Over the course of its first year, MITili’s accomplishments include the following:
- President Reif’s February 2016 announcement and a subsequent MITili announcement in May included our appointments as MITili Director (Gabrieli: Brain and Cognitive Sciences) and Associate Director (Pathak: Economics). The diversity of our work underscores the interdisciplinary breadth of MITili’s focus, investigating PK-12, higher education, and workplace/lifelong learners ranging from networks of neurons via fMRI, EEG, and MEG in a single brain to hundreds, thousands, or even millions of learners via randomized control trials at a city, state, MOOC, or national level.
- In May of 2016, MITili convened a retreat at MIT’s Endicott House in Dedham, MA. Faculty members Sanjay Sarma (Vice President of Open Learning), Joshua Angrist (Economics), Angela Belcher (Biological Engineering), Isaac Chuang (EECS/Physics), David Pritchard (Physics), Mitch Resnick (Media Lab), and Matt Wilson (Brain and Cognitive Sciences), plus key Office of Digital Learning (ODL) staff joined us to brainstorm generally on paths forward for MITili and to tackle specific issues including the differences in brain development before PK-12 students are able to read, the learner's socioeconomic status, and educational policy.

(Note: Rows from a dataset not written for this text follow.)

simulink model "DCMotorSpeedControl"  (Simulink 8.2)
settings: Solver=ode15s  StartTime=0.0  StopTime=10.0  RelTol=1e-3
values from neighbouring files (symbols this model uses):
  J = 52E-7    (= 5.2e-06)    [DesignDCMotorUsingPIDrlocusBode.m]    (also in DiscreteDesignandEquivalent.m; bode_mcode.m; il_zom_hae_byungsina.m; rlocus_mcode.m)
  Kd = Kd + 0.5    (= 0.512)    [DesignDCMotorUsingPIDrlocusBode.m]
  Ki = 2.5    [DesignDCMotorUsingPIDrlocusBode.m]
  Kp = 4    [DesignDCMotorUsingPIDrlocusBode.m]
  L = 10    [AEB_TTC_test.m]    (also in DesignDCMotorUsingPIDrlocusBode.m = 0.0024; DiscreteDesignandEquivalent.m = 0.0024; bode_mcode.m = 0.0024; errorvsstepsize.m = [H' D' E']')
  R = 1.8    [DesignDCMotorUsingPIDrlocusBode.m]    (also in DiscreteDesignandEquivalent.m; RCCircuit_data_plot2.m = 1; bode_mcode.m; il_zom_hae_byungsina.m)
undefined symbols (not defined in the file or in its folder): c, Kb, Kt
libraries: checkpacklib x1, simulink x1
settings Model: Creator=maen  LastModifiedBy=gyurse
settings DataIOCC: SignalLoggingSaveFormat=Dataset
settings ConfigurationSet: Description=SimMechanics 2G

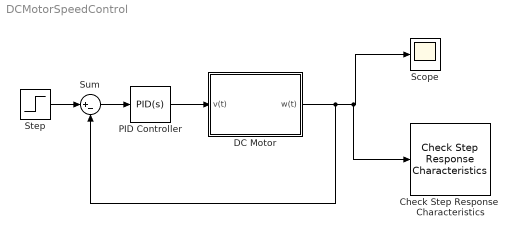
== system DCMotorSpeedControl ==
  Check Step Response  Characteristics : checkpacklib/Check Step Response  Characteristics  InstantiateOnLoad=on  enabled=on  stopWhenAssertionFail=off  export=off  ViewDlgPos=[172 392 510 390]  OpenViewOnLoad=off  LaunchViewOnOpen=off  TimeUnits=seconds  EnableStepResponseBound=on  InitialValue=0  FinalValue=1  StepTime=0  RiseTime=.7  PercentRise=90  SettlingTime=3.0  PercentSettling=2.0  PercentOvershoot=10  PercentUndershoot=0
  DC Motor : Subsystem
  PID Controller : simulink/Continuous/PID Controller  Controller=PID  TimeDomain=Continuous-time  SampleTime=1  IntegratorMethod=Forward Euler  FilterMethod=Forward Euler  Form=Parallel  P=Kp  I=Ki  D=Kd  N=100  InitialConditionSource=internal  InitialConditionForIntegrator=0  InitialConditionForFilter=0  ExternalReset=none  LimitOutput=off  UpperSaturationLimit=inf  LowerSaturationLimit=-inf  LinearizeAsGain=on  AntiWindupMode=none  Kb=1  TrackingMode=off  Kt=1  PParamMin=[]  PParamMax=[]  IParamMin=[]  IParamMax=[]  DParamMin=[]  DParamMax=[]  NParamMin=[]  NParamMax=[]  KbParamMin=[]  KbParamMax=[]  KtParamMin=[]  KtParamMax=[]  POutMin=[]  POutMax=[]  IOutMin=[]  IOutMax=[]  DOutMin=[]  DOutMax=[]  NOutMin=[]  NOutMax=[]  KbOutMin=[]  KbOutMax=[]  KtOutMin=[]  KtOutMax=[]  IntegratorOutMin=[]  IntegratorOutMax=[]  FilterOutMin=[]  FilterOutMax=[]  SumOutMin=[]  SumOutMax=[]  SumI1OutMin=[]  SumI1OutMax=[]  SumI2OutMin=[]  SumI2OutMax=[]  SumI3OutMin=[]  SumI3OutMax=[]  SumDOutMin=[]  SumDOutMax=[]  SaturationOutMin=[]  SaturationOutMax=[]  IntegratorContinuousStateAttributes=''  IntegratorStateMustResolveToSignalObject=off  IntegratorRTWStateStorageClass=Auto  FilterContinuousStateAttributes=''  FilterStateMustResolveToSignalObject=off  FilterRTWStateStorageClass=Auto
  Scope : Scope
  Step : Step  Time=0  SampleTime=0
  Sum : Sum  Inputs=|+-
  wires:
  Step/1 -> Sum/1
  Sum/1 -> PID Controller/1
  PID Controller/1 -> DC Motor/1(v(t))
  DC Motor/1(w(t)) -> Sum/2, Check Step Response  Characteristics/1, Scope/1

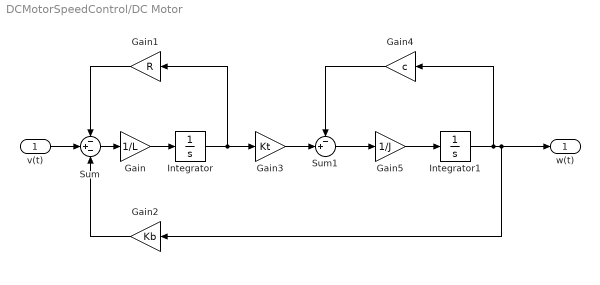
== system DCMotorSpeedControl/DC Motor ==
  v(t) : Inport
  Gain : Gain  Gain=1/L
  Gain1 : Gain  Gain=R
  Gain2 : Gain  Gain=Kb
  Gain3 : Gain  Gain=Kt
  Gain4 : Gain  Gain=c
  Gain5 : Gain  Gain=1/J
  Integrator : Integrator
  Integrator1 : Integrator
  Sum : Sum  Inputs=-+-
  Sum1 : Sum  Inputs=-+|
  w(t) : Outport
  wires:
  Gain4/1 -> Sum1/1
  Gain5/1 -> Integrator1/1
  Gain2/1 -> Sum/3
  Sum/1 -> Gain/1
  Gain3/1 -> Sum1/2
  Gain1/1 -> Sum/1
  Integrator1/1 -> Gain4/1, w(t)/1, Gain2/1
  Gain/1 -> Integrator/1
  Integrator/1 -> Gain1/1, Gain3/1
  Sum1/1 -> Gain5/1
  v(t)/1 -> Sum/2

- August 2016 saw the hiring of MITili’s first two staff members: Associate Director Jeff Dieffenbach and Program Coordinator Steve Nelson. Jeff and Steve work closely with MITili-associated faculty and ODL staff to raise corporate, foundation, and other funding to support learning effectiveness research; support on-campus faculty interactions; and assist in the internal and external dissemination of research-supported best practices.
- In September of 2016, MITili created its framework for a learning effectiveness consortium. The consortium, drawing on those of CSAIL, the Energy Initiative, the Initiative on the Digital Economy, and the Media Lab, brings together companies and others to fund and participate in transformational research on academic and workplace learning effectiveness.
- In October of 2016, Professor Sarma delivered a keynote at the Elliott Masie Learning conference in Orlando. MITili and ODL staff supported separate sessions by Professor Sarma and Brain and Cognitive Sciences post-doctoral student Kana Okano. Dr. Okano’s session reported findings from work with a leading consulting firm – MITili’s first research project – on capturing and measuring attention in a video-based workplace learning environment.
- MIT’s McGovern Institute hosted a November 2016 gathering of 50 Chief Learning Officers and their designees from 30 companies, government agencies, and universities, including AIG, Babson, Fidelity, GE, Google, IBM, McKinsey, Office of Personnel Management, and Pepperdine. The meeting, part of a three-day event co-run by Future Workplace, shared MIT’s thinking on learning and heard from the participants about how they create and deliver learning experiences, about how they measure those learning experiences, and about the biggest learning challenges they face.
- November 2016 also kicked off MITili’s series of faculty conversations on transformational learning effectiveness research. Professor Gabrieli briefed the group on a research effort aimed at improving the ability of all students to be reading and doing math proficiently by the end of third grade. In December, Professor Pathak shared ideas on a universal enrollment system designed to provide access to quality education for all students and families. Professor Laura Schulz (Brain and Cognitive Science) led the February talk on early childhood cognition.
Across its learning research, MIT’s mens et manus motto – mind and hand – guides MITili’s approach to learning research. Researchers develop theories, rigorously test them in the lab, then work to see them through to implementation in the field. With 2017 underway, MITili is excited to continue its mission to promote, support, and disseminate transformational Institute research investigating learning effectiveness.